Testing that a Local Optimum of the Likelihood is Globally Optimum using Reparameterized Embeddings
This addresses the challenge of global optimality verification in imaging and inverse problems, though it is incremental as it builds on existing statistical testing frameworks.
The authors tackled the problem of verifying whether a local optimum in non-convex optimization for imaging is globally optimal by proposing a statistical test for likelihood maximization in generalized location families, and they improved its accuracy using reparameterized embeddings, showing enhanced accuracy and reduced computation in a camera-blur estimation example.
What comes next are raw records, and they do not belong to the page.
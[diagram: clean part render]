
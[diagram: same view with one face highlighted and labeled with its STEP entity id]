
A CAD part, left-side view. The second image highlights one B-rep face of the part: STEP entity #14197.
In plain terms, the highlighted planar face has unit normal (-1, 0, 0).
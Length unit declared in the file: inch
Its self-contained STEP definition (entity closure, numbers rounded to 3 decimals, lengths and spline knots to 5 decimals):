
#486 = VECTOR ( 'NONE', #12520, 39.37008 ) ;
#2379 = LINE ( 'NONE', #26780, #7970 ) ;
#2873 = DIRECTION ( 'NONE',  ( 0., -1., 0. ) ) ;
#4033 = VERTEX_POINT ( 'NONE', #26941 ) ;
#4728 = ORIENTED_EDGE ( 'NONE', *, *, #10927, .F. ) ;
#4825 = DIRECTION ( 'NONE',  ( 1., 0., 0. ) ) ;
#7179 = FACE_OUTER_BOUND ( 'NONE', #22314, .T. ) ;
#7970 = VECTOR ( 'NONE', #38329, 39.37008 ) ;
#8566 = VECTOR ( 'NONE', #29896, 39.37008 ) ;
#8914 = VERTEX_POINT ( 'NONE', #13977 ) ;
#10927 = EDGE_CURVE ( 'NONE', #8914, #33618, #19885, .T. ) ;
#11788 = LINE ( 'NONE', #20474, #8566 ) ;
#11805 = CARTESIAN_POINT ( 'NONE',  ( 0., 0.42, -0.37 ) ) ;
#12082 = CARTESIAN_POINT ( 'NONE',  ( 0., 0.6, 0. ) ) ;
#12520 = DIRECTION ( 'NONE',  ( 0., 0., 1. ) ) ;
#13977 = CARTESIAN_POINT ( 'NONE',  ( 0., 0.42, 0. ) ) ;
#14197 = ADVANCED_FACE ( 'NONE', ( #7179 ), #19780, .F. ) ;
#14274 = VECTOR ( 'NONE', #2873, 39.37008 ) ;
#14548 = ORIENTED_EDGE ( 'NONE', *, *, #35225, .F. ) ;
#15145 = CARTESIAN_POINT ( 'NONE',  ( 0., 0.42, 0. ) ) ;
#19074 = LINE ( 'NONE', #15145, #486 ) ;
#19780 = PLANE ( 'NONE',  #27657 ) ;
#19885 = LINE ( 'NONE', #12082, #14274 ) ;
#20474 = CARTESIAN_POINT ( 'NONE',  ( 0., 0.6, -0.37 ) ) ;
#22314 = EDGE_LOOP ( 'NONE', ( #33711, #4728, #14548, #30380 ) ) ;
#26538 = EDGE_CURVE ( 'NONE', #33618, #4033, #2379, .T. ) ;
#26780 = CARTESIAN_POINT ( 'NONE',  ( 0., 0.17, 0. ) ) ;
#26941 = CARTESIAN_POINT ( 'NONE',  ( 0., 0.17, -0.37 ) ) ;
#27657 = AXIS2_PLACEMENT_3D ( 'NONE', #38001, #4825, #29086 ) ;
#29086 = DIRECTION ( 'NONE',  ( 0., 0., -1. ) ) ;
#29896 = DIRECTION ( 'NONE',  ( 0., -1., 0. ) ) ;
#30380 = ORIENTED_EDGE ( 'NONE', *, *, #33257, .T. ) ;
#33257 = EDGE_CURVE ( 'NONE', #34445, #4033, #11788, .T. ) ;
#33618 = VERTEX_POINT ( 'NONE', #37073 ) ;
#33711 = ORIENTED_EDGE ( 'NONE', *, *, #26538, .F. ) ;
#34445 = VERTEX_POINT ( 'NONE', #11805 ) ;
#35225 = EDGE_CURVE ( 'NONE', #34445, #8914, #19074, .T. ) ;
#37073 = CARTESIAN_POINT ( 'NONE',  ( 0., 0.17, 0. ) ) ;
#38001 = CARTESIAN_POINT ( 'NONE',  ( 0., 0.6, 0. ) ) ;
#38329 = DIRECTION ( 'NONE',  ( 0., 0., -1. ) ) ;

Many mathematical imaging problems are posed as non-convex optimization problems. When numerically tractable global optimization procedures are not available, one is often interested in testing ex post facto whether or not a locally convergent algorithm has found the globally optimal solution. When the problem is formulated in terms of maximizing the likelihood function under a statistical model for the measurements, one can construct a statistical test that a local maximum is in fact the global maximum. A one-sided test is proposed for the case that the statistical model is a member of the generalized location family of probability distributions, a condition often satisfied in imaging and other inverse problems. We propose a general method for improving the accuracy of the test by reparameterizing the likelihood function to embed its domain into a higher dimensional parameter space. We show that the proposed global maximum testing method results in improved accuracy and reduced computation for a physically-motivated joint-inverse problem arising in camera-blur estimation.